Given prevailing business concentration in South Africa, practitioners could probably draw lessons from the EU experience, but Motto welcomed the country's attempt seeking to strike a balance in dealing with its dominant firms and their practices.


Nevertheless, Motto advised that authorities should only really prosecute cases when the following variables were in place:
• Where the dominant firm had a ‘super dominant' market share of well above 50%.
• When price/costs tests have been undertaken.
• Where a coherent strategy of exclusion can be shown, not merely "aggressive language".

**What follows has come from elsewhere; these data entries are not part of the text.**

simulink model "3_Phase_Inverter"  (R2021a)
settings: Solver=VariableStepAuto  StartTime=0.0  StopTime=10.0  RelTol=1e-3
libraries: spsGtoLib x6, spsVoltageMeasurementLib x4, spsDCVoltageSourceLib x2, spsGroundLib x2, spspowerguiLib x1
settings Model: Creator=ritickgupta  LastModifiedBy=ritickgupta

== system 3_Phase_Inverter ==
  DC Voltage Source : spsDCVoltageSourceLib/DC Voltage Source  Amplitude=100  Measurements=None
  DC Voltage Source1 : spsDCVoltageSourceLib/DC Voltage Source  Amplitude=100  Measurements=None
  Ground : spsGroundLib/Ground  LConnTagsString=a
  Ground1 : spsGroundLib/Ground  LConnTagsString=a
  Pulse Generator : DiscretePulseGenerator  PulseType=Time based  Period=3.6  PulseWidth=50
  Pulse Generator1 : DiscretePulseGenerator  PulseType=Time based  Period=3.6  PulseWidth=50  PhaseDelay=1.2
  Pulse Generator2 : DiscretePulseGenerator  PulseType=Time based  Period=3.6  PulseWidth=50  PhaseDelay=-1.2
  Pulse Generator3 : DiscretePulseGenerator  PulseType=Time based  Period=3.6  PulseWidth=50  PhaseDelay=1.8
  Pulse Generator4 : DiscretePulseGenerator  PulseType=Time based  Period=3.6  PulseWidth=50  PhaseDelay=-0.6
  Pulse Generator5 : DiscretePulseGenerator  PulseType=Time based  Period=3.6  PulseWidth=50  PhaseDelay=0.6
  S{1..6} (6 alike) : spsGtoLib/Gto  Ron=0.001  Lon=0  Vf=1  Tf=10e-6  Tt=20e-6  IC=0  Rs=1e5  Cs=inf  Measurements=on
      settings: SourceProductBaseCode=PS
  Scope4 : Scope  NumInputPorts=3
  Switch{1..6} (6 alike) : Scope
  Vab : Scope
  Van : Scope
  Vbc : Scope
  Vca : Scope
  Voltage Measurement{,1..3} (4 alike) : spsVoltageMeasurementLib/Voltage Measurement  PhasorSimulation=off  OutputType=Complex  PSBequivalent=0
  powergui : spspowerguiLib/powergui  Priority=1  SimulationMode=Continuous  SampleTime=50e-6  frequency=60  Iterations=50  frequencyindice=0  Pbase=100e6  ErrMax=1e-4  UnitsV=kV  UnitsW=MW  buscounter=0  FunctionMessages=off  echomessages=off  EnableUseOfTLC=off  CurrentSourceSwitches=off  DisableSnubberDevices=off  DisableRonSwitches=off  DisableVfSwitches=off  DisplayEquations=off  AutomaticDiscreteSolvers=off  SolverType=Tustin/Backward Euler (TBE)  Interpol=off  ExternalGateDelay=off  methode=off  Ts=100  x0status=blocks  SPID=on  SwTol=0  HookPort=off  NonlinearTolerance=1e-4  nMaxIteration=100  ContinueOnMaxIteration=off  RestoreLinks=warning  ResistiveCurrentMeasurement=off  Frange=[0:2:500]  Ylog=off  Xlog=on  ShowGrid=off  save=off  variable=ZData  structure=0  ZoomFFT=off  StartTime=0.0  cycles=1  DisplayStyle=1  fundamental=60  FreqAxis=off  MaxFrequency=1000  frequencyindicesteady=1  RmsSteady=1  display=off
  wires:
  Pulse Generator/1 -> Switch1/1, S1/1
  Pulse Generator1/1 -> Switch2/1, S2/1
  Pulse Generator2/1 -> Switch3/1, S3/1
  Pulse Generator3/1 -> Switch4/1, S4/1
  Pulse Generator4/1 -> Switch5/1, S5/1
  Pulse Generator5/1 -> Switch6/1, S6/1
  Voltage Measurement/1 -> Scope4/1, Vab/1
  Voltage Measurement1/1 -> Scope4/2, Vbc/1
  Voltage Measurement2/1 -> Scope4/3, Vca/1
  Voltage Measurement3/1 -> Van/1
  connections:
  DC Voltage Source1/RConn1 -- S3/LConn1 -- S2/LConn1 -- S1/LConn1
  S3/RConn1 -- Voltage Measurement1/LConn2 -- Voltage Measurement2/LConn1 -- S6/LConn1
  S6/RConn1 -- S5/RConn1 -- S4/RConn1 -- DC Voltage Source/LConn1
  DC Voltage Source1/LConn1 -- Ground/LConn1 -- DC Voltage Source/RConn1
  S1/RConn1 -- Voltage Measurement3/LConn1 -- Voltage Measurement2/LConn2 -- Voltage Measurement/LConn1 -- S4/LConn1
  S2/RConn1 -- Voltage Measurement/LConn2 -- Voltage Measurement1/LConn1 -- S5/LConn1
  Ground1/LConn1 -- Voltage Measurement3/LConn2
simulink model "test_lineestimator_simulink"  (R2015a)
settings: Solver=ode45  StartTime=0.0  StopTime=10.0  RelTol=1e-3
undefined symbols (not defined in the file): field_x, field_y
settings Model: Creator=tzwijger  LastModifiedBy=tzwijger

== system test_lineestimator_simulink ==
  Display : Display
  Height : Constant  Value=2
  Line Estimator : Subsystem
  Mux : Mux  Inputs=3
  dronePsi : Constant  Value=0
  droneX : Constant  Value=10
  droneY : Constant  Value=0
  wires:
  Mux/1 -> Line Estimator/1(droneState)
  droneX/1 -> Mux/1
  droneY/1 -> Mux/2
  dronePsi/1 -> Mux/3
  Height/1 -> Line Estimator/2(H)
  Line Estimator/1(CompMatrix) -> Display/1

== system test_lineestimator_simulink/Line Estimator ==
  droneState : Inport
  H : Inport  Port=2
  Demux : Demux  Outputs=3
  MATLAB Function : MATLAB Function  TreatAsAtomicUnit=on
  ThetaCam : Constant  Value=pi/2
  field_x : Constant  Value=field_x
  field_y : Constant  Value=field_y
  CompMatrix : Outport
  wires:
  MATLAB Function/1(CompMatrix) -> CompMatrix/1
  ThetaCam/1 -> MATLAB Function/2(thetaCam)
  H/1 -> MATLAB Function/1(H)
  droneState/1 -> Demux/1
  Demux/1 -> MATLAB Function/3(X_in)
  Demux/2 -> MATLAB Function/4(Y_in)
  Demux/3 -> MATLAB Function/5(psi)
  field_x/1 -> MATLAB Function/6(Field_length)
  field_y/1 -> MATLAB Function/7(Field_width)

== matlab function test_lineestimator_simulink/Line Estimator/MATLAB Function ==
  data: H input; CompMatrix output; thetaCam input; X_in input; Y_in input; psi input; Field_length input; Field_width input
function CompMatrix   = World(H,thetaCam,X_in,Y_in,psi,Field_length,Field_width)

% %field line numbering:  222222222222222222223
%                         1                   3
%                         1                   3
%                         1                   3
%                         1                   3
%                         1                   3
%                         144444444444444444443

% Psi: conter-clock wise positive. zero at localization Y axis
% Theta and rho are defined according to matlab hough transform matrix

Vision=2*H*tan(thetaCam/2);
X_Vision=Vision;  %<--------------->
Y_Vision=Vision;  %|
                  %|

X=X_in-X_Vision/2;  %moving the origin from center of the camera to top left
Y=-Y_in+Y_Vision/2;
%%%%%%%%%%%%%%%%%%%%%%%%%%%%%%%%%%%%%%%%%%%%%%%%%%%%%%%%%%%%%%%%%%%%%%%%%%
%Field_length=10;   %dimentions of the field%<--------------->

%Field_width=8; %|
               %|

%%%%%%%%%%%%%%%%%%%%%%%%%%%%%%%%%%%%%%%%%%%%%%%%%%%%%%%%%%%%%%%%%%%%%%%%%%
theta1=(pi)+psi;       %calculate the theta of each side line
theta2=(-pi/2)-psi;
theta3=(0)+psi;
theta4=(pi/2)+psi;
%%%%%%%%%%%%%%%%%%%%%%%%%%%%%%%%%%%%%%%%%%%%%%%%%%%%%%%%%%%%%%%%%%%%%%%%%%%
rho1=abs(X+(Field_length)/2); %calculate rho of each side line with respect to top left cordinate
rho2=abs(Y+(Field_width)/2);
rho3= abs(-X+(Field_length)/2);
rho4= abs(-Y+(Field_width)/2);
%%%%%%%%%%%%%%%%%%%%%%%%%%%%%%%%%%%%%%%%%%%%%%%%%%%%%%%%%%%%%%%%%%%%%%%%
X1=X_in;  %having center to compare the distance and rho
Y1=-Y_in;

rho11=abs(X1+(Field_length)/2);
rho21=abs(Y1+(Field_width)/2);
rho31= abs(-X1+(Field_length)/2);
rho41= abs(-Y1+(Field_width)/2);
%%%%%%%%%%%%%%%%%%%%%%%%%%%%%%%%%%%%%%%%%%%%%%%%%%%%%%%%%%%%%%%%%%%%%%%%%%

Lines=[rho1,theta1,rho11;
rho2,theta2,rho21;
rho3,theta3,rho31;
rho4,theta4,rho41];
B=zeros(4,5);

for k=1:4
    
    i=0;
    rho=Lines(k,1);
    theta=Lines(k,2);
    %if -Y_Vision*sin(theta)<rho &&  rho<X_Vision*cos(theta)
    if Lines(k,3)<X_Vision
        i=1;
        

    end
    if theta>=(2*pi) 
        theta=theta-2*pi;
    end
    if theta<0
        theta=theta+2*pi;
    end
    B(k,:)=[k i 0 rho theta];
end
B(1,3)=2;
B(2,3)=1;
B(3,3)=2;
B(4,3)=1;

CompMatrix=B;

• When the facts arising are able to meet the tests of the economic theory.
• When there is evidence that the behaviour had an effect on rivals and consumers.
• And, where a dominant firm is given the opportunity to pose an efficiency defence to show that its behaviour was not exclusionary, but the result of precompetitive actions.


"I believe this is consistent with the way the South African authorities are approaching such cases," he concluded.